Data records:
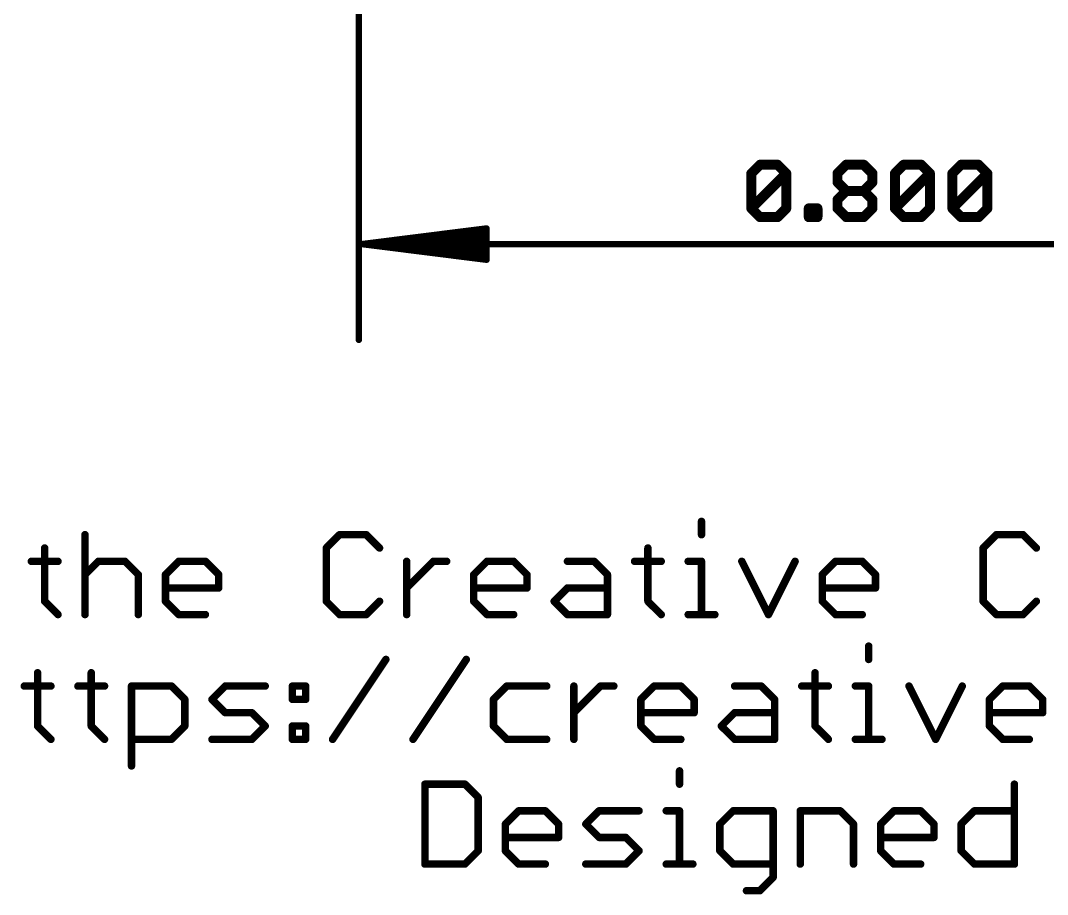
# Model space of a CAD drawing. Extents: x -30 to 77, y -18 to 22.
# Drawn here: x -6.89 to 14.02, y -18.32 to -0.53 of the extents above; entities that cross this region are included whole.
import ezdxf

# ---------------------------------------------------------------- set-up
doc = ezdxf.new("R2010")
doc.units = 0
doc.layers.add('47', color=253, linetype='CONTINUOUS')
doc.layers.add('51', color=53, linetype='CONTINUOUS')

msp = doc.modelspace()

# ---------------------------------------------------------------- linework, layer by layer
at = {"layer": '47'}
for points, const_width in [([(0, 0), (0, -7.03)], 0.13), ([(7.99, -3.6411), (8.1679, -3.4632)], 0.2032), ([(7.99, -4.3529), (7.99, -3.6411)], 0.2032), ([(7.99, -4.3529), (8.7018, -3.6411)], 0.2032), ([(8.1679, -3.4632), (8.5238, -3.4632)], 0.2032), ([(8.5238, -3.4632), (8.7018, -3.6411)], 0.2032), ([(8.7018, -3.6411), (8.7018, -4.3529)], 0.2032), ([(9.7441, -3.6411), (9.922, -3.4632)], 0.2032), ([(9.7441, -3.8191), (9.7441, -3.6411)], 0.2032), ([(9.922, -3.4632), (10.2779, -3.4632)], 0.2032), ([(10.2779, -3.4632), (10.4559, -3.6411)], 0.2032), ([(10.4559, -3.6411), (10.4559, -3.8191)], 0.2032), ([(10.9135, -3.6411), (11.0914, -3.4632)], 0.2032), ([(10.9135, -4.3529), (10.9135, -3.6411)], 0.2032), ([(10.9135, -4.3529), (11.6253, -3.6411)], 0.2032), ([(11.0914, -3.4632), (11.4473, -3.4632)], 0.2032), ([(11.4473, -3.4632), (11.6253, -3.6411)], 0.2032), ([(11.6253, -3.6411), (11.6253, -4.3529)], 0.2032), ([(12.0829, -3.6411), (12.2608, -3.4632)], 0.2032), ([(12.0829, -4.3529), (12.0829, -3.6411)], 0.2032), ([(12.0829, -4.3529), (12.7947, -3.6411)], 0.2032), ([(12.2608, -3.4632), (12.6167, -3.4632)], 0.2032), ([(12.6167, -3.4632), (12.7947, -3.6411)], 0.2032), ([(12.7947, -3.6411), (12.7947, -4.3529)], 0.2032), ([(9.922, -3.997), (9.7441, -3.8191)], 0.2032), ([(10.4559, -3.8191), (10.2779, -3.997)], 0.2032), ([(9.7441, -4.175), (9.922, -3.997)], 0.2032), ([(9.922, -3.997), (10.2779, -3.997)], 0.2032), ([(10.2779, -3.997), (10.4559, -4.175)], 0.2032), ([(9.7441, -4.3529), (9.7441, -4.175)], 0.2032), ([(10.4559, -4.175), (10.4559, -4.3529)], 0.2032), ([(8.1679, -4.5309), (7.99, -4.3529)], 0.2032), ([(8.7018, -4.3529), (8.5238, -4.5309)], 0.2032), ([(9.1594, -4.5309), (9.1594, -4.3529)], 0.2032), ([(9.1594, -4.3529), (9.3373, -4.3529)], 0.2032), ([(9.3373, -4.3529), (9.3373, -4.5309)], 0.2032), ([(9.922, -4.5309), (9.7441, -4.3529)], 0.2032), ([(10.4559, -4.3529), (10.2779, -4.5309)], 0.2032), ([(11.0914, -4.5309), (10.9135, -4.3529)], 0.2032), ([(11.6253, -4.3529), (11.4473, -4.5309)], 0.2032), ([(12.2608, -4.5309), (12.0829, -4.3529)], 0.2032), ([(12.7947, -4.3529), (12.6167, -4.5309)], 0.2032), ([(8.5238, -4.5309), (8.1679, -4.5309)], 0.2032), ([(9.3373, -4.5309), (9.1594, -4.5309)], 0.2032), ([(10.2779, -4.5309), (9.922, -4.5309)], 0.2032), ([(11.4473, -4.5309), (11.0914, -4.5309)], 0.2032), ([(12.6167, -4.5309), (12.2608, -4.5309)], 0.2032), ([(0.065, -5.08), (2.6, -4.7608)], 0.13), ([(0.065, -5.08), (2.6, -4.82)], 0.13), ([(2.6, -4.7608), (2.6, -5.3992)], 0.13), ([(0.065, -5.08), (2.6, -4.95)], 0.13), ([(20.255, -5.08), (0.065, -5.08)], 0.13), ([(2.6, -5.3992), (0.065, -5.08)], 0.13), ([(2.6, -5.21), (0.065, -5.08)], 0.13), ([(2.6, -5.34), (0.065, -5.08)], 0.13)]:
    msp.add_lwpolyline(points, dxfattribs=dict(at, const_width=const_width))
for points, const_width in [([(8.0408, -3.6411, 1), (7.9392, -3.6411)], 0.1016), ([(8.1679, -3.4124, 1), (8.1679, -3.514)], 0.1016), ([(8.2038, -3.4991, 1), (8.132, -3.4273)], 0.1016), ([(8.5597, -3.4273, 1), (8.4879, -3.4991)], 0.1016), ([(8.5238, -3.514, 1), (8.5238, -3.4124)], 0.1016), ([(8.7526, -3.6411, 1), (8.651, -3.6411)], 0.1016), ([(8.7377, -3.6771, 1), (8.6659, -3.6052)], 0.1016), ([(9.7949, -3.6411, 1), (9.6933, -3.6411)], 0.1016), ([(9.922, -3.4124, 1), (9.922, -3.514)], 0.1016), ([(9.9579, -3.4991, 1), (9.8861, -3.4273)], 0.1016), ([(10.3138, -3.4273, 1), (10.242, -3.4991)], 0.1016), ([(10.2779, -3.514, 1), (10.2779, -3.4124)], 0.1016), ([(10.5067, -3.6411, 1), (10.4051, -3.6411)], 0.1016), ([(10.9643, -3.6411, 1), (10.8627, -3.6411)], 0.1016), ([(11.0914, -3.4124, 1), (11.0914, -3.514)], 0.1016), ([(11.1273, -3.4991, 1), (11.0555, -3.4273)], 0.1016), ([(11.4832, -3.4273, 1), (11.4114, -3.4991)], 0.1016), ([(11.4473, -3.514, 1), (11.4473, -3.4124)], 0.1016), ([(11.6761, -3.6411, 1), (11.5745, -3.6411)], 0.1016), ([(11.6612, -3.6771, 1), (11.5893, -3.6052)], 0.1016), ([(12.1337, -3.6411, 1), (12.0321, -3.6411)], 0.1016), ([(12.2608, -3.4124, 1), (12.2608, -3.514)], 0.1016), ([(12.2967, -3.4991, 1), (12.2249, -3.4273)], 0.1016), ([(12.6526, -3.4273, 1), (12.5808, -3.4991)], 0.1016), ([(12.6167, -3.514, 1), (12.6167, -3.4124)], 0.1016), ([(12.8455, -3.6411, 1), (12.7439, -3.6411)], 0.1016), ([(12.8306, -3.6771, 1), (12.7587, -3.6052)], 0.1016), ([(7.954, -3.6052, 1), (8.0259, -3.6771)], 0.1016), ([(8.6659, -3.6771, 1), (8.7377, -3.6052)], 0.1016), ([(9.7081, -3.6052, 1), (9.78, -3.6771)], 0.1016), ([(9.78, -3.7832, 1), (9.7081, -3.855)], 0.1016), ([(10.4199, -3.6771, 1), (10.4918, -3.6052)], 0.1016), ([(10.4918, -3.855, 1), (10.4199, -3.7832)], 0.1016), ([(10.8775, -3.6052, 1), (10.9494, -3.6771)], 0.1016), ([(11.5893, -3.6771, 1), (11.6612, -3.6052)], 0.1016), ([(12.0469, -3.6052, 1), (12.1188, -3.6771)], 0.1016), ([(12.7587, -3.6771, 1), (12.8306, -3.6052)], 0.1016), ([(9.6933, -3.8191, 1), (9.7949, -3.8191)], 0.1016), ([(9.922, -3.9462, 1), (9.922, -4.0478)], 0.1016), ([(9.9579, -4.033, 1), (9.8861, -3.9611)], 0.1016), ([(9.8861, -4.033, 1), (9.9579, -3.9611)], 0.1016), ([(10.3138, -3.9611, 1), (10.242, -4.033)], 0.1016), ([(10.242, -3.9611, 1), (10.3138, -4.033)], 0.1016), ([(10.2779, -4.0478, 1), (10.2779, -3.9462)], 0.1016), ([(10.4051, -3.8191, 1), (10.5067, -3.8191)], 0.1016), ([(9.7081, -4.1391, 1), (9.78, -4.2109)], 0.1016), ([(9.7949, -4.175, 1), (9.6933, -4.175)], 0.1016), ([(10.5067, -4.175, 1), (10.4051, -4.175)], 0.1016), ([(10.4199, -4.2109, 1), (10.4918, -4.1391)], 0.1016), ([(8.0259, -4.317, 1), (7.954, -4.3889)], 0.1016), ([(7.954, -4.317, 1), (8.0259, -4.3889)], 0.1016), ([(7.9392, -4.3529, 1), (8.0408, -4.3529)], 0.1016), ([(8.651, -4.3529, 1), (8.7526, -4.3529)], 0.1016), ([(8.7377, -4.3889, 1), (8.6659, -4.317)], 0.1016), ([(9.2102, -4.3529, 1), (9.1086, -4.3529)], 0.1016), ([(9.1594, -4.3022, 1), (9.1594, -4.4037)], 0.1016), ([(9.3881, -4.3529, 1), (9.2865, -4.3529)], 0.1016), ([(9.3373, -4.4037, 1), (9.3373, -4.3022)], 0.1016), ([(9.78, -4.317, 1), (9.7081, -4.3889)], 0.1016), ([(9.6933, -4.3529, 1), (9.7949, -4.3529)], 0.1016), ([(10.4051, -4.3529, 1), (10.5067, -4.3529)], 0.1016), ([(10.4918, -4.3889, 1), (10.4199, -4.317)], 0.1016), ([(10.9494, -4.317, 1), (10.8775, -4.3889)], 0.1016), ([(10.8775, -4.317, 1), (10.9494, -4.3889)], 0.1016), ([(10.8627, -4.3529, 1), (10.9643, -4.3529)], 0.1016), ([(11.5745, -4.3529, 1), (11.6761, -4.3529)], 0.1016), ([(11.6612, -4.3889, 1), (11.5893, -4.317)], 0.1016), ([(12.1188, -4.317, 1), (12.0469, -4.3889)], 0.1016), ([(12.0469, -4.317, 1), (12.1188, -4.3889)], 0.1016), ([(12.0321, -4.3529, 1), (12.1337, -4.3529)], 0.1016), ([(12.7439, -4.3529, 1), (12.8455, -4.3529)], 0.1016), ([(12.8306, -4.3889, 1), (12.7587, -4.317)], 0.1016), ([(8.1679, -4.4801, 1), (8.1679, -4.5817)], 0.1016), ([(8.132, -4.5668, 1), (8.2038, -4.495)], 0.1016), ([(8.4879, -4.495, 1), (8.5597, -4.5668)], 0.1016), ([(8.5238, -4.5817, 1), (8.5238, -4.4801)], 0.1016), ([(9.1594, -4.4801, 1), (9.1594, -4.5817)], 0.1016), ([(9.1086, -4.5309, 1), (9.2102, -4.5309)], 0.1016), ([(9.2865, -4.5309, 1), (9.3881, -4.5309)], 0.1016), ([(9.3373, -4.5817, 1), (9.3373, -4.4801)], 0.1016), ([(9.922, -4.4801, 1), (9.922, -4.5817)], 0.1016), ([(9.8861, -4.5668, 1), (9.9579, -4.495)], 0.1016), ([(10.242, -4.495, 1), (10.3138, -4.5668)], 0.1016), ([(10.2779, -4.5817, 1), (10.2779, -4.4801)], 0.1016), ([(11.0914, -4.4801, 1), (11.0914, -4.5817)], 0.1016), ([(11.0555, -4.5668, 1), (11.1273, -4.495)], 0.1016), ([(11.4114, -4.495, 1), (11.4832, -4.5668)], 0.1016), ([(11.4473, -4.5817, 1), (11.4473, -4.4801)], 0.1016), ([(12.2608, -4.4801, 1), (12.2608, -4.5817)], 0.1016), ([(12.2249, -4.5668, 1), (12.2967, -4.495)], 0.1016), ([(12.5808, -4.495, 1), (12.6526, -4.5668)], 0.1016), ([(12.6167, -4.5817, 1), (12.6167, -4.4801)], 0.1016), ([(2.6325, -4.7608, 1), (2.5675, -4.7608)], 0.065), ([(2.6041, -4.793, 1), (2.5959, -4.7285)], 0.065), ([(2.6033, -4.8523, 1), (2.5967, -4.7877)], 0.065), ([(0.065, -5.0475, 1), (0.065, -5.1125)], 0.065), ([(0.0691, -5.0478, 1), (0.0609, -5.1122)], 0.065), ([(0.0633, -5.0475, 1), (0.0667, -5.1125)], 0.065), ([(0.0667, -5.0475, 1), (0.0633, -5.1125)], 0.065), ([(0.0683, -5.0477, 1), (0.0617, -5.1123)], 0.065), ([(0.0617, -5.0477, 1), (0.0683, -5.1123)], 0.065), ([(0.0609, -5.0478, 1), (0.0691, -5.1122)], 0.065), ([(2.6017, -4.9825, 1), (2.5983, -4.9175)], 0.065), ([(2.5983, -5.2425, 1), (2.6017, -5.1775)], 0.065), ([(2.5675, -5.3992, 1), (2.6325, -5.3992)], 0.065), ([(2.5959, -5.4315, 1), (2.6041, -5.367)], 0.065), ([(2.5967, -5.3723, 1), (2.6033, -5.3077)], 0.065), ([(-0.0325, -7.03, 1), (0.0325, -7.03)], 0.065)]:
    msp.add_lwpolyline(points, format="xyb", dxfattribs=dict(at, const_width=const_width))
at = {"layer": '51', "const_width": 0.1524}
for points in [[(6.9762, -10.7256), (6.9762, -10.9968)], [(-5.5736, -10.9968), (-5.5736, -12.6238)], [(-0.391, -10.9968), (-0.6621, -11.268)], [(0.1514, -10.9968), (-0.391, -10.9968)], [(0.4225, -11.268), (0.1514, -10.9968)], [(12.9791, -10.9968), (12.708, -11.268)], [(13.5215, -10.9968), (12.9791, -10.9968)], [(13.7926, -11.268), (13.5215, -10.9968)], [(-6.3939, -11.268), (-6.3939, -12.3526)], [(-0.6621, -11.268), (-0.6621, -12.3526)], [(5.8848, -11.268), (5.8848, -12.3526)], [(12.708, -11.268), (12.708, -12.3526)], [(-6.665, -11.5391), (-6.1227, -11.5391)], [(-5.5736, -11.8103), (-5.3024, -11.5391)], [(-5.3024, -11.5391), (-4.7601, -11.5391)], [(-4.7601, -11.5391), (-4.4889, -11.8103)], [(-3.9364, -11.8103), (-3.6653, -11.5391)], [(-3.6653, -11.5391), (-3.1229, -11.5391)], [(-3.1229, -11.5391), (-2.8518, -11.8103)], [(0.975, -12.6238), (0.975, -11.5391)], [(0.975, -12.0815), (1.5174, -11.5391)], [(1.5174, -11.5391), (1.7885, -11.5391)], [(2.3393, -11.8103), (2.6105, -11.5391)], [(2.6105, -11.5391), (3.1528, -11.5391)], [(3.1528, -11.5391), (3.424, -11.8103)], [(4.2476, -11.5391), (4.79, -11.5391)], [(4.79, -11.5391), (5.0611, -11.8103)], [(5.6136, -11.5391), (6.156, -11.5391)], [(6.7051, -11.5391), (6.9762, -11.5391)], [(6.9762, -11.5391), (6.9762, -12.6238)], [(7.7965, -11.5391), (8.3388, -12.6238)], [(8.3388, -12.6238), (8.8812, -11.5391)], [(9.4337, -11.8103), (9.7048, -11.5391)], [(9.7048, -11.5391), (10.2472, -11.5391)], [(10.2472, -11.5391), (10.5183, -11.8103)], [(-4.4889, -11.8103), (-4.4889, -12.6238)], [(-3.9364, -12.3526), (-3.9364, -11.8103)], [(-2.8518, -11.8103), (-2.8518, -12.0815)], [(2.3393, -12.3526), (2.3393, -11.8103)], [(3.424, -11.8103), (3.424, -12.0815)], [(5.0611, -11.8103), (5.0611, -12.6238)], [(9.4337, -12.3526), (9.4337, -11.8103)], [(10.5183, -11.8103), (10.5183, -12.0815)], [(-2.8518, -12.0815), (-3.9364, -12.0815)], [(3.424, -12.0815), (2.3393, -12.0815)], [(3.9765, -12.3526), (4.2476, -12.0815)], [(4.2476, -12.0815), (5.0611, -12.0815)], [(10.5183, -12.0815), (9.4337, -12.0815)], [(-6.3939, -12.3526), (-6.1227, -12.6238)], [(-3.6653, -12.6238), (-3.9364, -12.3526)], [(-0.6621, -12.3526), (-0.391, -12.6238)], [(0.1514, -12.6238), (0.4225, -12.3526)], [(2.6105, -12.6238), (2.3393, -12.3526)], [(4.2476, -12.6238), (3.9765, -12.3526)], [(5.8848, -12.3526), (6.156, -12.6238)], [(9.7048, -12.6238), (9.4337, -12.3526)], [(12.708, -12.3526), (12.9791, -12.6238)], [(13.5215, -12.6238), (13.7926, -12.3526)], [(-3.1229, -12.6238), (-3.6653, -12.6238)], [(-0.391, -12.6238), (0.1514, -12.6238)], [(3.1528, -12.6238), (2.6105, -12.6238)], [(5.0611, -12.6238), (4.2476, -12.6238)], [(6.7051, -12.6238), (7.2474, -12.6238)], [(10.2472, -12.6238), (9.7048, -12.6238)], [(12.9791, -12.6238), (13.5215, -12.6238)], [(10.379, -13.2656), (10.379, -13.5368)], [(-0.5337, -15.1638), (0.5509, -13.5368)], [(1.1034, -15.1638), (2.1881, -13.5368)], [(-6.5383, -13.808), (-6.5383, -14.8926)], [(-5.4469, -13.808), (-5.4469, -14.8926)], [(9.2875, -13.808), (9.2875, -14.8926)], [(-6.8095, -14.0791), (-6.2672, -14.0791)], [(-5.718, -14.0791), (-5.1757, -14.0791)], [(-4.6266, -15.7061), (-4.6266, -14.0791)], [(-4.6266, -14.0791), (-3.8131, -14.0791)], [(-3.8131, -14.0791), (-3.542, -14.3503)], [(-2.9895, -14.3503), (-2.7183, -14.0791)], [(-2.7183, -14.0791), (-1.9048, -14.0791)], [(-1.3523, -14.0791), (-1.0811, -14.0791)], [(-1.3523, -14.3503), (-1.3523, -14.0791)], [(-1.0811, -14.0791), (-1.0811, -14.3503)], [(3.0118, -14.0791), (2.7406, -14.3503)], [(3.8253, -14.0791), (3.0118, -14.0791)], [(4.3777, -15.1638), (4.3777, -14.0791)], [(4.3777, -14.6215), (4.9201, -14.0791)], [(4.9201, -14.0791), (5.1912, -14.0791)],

Action item: Reproduce exactly the lines of the entries above from the first through the line with "doc.units = 0", both included; pictures should not be reproduced.

Response area:
# Model space of a CAD drawing. Extents: x -30 to 77, y -18 to 22.
# Drawn here: x -6.89 to 14.02, y -18.32 to -0.53 of the extents above; entities that cross this region are included whole.
import ezdxf

# ---------------------------------------------------------------- set-up
doc = ezdxf.new("R2010")
doc.units = 0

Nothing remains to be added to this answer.